Copy exactly the lines of the records below, and only those lines, beginning with the line that contains "color=251, linetype='Continuous', lineweight=9)" and ending with the line that contains "blk.add_line(p, q, dxfattribs=at)".
[DATA FOR THIS EXERCISE — start]
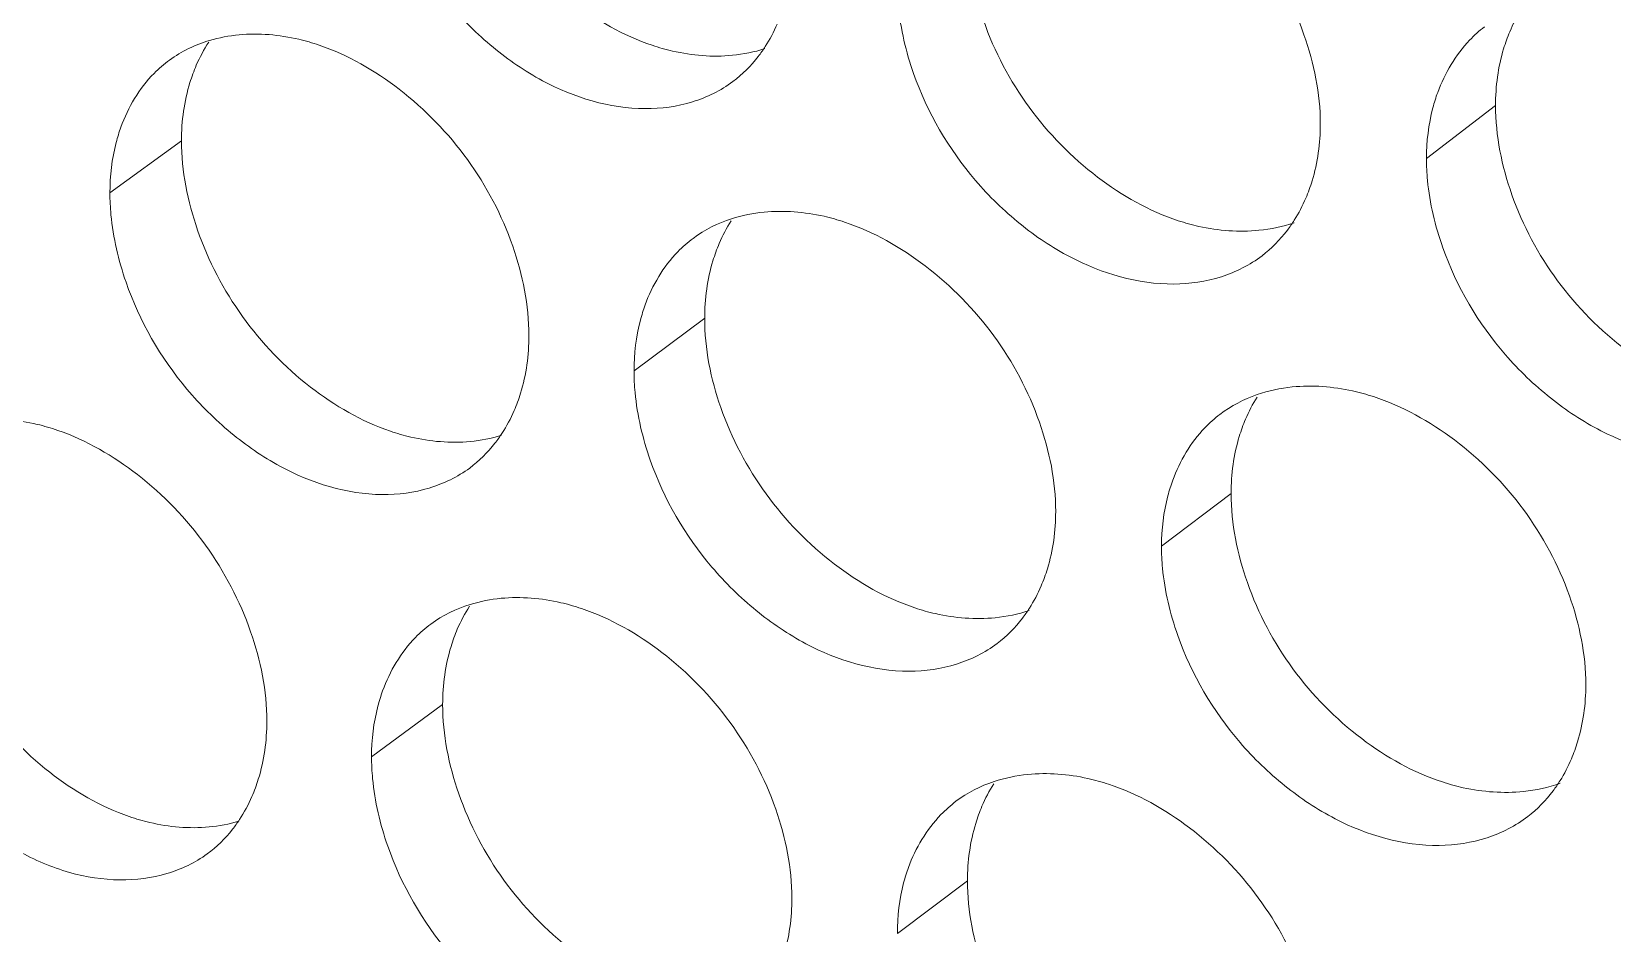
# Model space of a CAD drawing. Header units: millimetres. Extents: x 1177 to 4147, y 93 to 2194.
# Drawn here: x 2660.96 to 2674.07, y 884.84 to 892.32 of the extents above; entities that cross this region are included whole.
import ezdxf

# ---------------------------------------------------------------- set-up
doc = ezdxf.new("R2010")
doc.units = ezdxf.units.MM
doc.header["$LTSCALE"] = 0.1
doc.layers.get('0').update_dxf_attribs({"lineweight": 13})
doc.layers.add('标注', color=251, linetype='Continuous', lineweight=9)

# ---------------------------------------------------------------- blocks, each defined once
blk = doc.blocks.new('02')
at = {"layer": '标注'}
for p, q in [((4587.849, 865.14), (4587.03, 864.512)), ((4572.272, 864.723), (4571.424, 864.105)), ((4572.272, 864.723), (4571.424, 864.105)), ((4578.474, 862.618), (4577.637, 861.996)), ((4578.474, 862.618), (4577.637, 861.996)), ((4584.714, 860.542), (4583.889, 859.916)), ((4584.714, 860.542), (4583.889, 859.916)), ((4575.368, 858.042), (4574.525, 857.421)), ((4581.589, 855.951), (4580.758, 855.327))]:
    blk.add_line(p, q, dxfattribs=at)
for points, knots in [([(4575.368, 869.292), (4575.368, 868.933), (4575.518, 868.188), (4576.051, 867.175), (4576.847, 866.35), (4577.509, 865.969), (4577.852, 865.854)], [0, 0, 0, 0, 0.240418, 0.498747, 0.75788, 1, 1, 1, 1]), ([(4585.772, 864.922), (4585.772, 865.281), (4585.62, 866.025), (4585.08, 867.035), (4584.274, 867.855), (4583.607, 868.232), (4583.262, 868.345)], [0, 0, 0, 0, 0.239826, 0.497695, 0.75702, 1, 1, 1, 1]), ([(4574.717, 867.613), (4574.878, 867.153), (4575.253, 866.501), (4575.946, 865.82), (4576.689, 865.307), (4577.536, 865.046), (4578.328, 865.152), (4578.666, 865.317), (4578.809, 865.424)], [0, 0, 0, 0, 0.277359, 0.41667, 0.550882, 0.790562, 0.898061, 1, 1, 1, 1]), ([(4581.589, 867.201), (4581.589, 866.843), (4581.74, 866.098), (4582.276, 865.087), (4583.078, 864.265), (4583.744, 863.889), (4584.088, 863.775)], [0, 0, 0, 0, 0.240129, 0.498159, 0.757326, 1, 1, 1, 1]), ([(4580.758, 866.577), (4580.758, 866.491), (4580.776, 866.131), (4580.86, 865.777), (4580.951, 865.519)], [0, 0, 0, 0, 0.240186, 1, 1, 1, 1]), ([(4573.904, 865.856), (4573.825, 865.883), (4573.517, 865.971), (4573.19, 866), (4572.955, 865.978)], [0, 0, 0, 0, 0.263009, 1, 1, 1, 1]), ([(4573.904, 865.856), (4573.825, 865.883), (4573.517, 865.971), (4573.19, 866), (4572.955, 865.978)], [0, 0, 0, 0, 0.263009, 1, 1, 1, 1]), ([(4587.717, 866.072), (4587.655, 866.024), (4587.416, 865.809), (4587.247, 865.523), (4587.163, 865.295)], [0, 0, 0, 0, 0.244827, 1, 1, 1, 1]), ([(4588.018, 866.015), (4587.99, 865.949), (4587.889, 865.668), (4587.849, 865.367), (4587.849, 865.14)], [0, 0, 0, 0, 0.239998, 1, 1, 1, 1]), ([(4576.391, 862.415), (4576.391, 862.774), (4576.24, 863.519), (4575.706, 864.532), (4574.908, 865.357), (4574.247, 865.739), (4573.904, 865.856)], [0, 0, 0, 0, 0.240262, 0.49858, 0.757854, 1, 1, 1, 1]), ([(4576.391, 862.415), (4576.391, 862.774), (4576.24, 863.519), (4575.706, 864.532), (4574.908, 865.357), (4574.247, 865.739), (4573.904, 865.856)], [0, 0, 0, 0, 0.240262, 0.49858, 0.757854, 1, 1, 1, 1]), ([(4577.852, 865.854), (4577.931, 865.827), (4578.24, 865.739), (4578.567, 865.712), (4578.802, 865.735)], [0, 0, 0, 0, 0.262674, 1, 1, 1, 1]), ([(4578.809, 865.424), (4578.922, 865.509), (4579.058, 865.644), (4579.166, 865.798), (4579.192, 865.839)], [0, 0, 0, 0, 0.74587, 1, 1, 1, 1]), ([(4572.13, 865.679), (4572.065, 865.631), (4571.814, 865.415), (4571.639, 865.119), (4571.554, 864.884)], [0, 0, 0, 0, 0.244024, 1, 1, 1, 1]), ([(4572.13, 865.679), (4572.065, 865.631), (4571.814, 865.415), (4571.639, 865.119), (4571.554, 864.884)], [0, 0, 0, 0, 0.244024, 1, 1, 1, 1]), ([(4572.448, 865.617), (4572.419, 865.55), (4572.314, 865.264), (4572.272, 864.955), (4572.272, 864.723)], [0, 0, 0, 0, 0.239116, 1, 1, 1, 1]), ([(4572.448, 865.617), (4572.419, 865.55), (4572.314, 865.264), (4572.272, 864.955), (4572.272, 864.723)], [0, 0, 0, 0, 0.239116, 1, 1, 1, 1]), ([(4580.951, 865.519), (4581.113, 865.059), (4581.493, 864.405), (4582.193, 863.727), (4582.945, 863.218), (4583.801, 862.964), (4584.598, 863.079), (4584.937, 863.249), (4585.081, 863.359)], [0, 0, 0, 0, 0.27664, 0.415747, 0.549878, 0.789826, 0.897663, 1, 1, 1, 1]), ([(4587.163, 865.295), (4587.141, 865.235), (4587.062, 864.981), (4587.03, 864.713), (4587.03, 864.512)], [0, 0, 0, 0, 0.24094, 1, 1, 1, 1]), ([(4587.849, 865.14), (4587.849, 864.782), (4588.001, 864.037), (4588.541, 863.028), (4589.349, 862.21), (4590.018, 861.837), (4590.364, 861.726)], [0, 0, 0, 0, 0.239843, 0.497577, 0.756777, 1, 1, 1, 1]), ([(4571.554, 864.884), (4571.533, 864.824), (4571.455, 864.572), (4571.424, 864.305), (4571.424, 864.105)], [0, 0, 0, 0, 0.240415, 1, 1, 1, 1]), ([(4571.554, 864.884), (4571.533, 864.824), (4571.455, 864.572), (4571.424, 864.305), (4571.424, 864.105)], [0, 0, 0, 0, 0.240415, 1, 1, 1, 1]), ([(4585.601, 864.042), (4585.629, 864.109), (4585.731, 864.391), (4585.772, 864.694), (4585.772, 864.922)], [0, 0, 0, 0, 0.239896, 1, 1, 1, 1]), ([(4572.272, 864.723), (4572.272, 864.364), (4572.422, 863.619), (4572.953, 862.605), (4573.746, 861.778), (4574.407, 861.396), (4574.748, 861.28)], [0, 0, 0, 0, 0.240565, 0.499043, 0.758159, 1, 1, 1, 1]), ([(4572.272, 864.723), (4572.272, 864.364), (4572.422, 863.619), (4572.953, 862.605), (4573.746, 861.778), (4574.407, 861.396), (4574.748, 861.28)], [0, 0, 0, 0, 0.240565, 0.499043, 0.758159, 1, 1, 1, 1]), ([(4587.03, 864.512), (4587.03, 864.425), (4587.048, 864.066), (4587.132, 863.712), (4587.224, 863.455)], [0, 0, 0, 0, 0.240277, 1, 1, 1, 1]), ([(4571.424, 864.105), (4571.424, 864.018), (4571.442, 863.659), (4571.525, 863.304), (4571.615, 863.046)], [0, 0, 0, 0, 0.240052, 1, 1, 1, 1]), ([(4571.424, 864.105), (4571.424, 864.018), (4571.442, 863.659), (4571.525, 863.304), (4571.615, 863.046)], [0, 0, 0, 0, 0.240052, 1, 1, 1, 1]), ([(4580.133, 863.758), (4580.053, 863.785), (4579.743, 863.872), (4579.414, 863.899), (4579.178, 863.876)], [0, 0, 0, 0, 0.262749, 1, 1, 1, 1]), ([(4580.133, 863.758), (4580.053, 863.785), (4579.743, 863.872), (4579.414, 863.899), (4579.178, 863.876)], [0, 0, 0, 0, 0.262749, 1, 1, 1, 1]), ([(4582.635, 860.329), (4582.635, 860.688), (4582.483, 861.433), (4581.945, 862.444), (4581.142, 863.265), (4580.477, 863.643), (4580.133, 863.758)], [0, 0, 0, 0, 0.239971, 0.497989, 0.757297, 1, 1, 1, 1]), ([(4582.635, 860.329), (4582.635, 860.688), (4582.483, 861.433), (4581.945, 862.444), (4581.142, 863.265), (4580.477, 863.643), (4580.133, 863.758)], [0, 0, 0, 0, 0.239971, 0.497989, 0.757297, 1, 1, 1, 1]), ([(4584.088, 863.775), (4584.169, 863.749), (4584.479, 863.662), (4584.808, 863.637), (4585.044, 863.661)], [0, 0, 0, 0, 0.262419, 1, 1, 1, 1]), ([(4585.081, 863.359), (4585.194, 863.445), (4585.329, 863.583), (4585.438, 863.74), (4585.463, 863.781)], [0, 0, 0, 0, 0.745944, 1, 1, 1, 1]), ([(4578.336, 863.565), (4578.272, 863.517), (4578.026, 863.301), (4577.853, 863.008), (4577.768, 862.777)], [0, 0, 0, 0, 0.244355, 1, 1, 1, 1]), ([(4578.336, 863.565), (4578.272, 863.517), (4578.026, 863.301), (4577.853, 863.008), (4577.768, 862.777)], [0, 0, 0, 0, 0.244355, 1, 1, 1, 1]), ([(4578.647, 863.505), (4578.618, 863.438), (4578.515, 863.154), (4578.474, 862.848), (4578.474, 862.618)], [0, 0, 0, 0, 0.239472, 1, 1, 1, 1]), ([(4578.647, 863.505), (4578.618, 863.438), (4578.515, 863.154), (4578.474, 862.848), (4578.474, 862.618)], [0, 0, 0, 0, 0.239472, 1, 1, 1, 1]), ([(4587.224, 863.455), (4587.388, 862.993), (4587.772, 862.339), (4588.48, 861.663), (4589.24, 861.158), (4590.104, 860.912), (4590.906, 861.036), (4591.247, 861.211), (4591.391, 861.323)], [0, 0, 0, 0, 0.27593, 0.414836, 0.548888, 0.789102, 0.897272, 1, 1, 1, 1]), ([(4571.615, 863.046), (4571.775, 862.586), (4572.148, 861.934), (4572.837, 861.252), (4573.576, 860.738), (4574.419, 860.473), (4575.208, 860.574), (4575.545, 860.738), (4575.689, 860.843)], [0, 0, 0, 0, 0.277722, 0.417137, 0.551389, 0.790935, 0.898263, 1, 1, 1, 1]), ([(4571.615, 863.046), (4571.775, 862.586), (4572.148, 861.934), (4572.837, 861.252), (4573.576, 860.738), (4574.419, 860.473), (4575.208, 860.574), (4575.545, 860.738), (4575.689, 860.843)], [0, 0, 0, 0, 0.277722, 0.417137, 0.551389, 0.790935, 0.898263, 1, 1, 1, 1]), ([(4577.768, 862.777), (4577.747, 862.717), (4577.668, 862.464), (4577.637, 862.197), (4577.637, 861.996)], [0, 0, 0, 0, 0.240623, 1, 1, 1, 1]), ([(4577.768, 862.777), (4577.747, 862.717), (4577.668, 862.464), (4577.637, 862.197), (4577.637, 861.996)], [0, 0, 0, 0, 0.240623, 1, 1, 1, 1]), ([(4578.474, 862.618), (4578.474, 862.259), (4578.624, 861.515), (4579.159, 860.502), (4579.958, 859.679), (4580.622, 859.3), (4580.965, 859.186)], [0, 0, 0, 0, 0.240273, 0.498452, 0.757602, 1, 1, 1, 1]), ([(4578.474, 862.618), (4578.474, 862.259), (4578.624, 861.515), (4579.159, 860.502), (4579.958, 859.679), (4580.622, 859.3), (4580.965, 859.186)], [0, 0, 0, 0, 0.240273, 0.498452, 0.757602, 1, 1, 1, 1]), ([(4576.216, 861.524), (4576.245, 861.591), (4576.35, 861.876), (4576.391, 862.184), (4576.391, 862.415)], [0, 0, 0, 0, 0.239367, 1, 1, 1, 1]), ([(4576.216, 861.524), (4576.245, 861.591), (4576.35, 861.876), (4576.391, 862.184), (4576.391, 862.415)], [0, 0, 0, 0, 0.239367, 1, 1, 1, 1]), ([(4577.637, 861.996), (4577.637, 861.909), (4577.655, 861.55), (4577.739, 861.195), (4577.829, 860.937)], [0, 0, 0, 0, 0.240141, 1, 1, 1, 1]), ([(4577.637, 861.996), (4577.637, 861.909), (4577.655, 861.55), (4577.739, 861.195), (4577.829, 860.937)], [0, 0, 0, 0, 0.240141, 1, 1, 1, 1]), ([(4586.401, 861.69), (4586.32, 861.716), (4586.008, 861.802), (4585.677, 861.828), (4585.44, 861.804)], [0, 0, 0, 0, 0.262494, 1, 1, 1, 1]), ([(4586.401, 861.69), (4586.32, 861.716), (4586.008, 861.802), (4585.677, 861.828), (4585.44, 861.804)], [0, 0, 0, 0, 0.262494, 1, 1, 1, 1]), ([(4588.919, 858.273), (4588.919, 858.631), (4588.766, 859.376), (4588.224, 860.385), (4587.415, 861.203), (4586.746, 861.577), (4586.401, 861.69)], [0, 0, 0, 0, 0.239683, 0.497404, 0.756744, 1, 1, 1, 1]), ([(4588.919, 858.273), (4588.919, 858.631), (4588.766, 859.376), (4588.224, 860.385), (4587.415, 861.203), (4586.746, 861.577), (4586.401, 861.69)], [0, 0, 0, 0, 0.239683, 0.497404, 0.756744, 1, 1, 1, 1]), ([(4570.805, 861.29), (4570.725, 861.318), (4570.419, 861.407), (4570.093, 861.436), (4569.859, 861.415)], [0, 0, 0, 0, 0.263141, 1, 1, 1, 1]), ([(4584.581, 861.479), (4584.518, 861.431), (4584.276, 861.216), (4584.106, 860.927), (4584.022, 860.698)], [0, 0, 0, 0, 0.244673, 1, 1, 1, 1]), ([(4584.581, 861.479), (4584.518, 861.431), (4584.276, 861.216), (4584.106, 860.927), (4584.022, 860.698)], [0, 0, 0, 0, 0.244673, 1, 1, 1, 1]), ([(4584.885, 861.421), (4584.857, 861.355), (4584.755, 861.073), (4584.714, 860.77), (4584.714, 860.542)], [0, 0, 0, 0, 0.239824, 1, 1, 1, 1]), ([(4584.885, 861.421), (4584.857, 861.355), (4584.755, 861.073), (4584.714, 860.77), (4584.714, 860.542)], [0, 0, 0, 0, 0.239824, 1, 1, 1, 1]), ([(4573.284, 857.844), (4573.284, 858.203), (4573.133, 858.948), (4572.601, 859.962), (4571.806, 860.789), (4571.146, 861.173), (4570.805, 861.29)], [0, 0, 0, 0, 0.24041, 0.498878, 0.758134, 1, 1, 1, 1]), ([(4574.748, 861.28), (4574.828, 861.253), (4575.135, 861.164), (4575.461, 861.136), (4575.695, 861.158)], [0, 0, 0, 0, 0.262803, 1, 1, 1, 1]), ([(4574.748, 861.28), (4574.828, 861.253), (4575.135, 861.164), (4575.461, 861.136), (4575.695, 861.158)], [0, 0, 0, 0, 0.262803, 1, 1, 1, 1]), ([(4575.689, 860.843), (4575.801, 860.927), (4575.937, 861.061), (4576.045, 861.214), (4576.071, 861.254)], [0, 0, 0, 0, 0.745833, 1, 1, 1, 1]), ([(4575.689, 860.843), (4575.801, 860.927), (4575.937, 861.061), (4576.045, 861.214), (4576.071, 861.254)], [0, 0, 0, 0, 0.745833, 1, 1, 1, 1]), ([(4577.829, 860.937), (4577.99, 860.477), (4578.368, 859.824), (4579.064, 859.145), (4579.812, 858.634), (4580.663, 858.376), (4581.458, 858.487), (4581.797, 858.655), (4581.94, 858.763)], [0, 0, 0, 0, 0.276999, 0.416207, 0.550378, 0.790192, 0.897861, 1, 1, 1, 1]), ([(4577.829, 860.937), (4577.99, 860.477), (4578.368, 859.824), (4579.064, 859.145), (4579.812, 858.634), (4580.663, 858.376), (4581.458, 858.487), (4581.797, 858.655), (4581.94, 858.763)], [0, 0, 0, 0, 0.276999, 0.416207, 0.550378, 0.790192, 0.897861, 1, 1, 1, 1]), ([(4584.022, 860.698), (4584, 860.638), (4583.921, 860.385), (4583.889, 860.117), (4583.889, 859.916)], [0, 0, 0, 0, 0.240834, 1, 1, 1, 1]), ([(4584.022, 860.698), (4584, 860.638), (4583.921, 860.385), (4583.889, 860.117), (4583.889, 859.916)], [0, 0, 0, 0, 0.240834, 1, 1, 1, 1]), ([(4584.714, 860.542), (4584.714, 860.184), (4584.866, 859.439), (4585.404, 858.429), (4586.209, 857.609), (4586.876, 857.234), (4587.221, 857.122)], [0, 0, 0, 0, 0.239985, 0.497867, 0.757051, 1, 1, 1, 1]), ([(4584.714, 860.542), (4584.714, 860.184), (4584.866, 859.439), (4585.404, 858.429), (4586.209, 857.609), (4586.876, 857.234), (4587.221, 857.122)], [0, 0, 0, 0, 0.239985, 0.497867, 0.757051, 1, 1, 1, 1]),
[DATA FOR THIS EXERCISE — finish]
TASK SOLUTION:
doc.layers.add('标注', color=251, linetype='Continuous', lineweight=9)

# ---------------------------------------------------------------- blocks, each defined once
blk = doc.blocks.new('02')
at = {"layer": '标注'}
for p, q in [((4587.849, 865.14), (4587.03, 864.512)), ((4572.272, 864.723), (4571.424, 864.105)), ((4572.272, 864.723), (4571.424, 864.105)), ((4578.474, 862.618), (4577.637, 861.996)), ((4578.474, 862.618), (4577.637, 861.996)), ((4584.714, 860.542), (4583.889, 859.916)), ((4584.714, 860.542), (4583.889, 859.916)), ((4575.368, 858.042), (4574.525, 857.421)), ((4581.589, 855.951), (4580.758, 855.327))]:
    blk.add_line(p, q, dxfattribs=at)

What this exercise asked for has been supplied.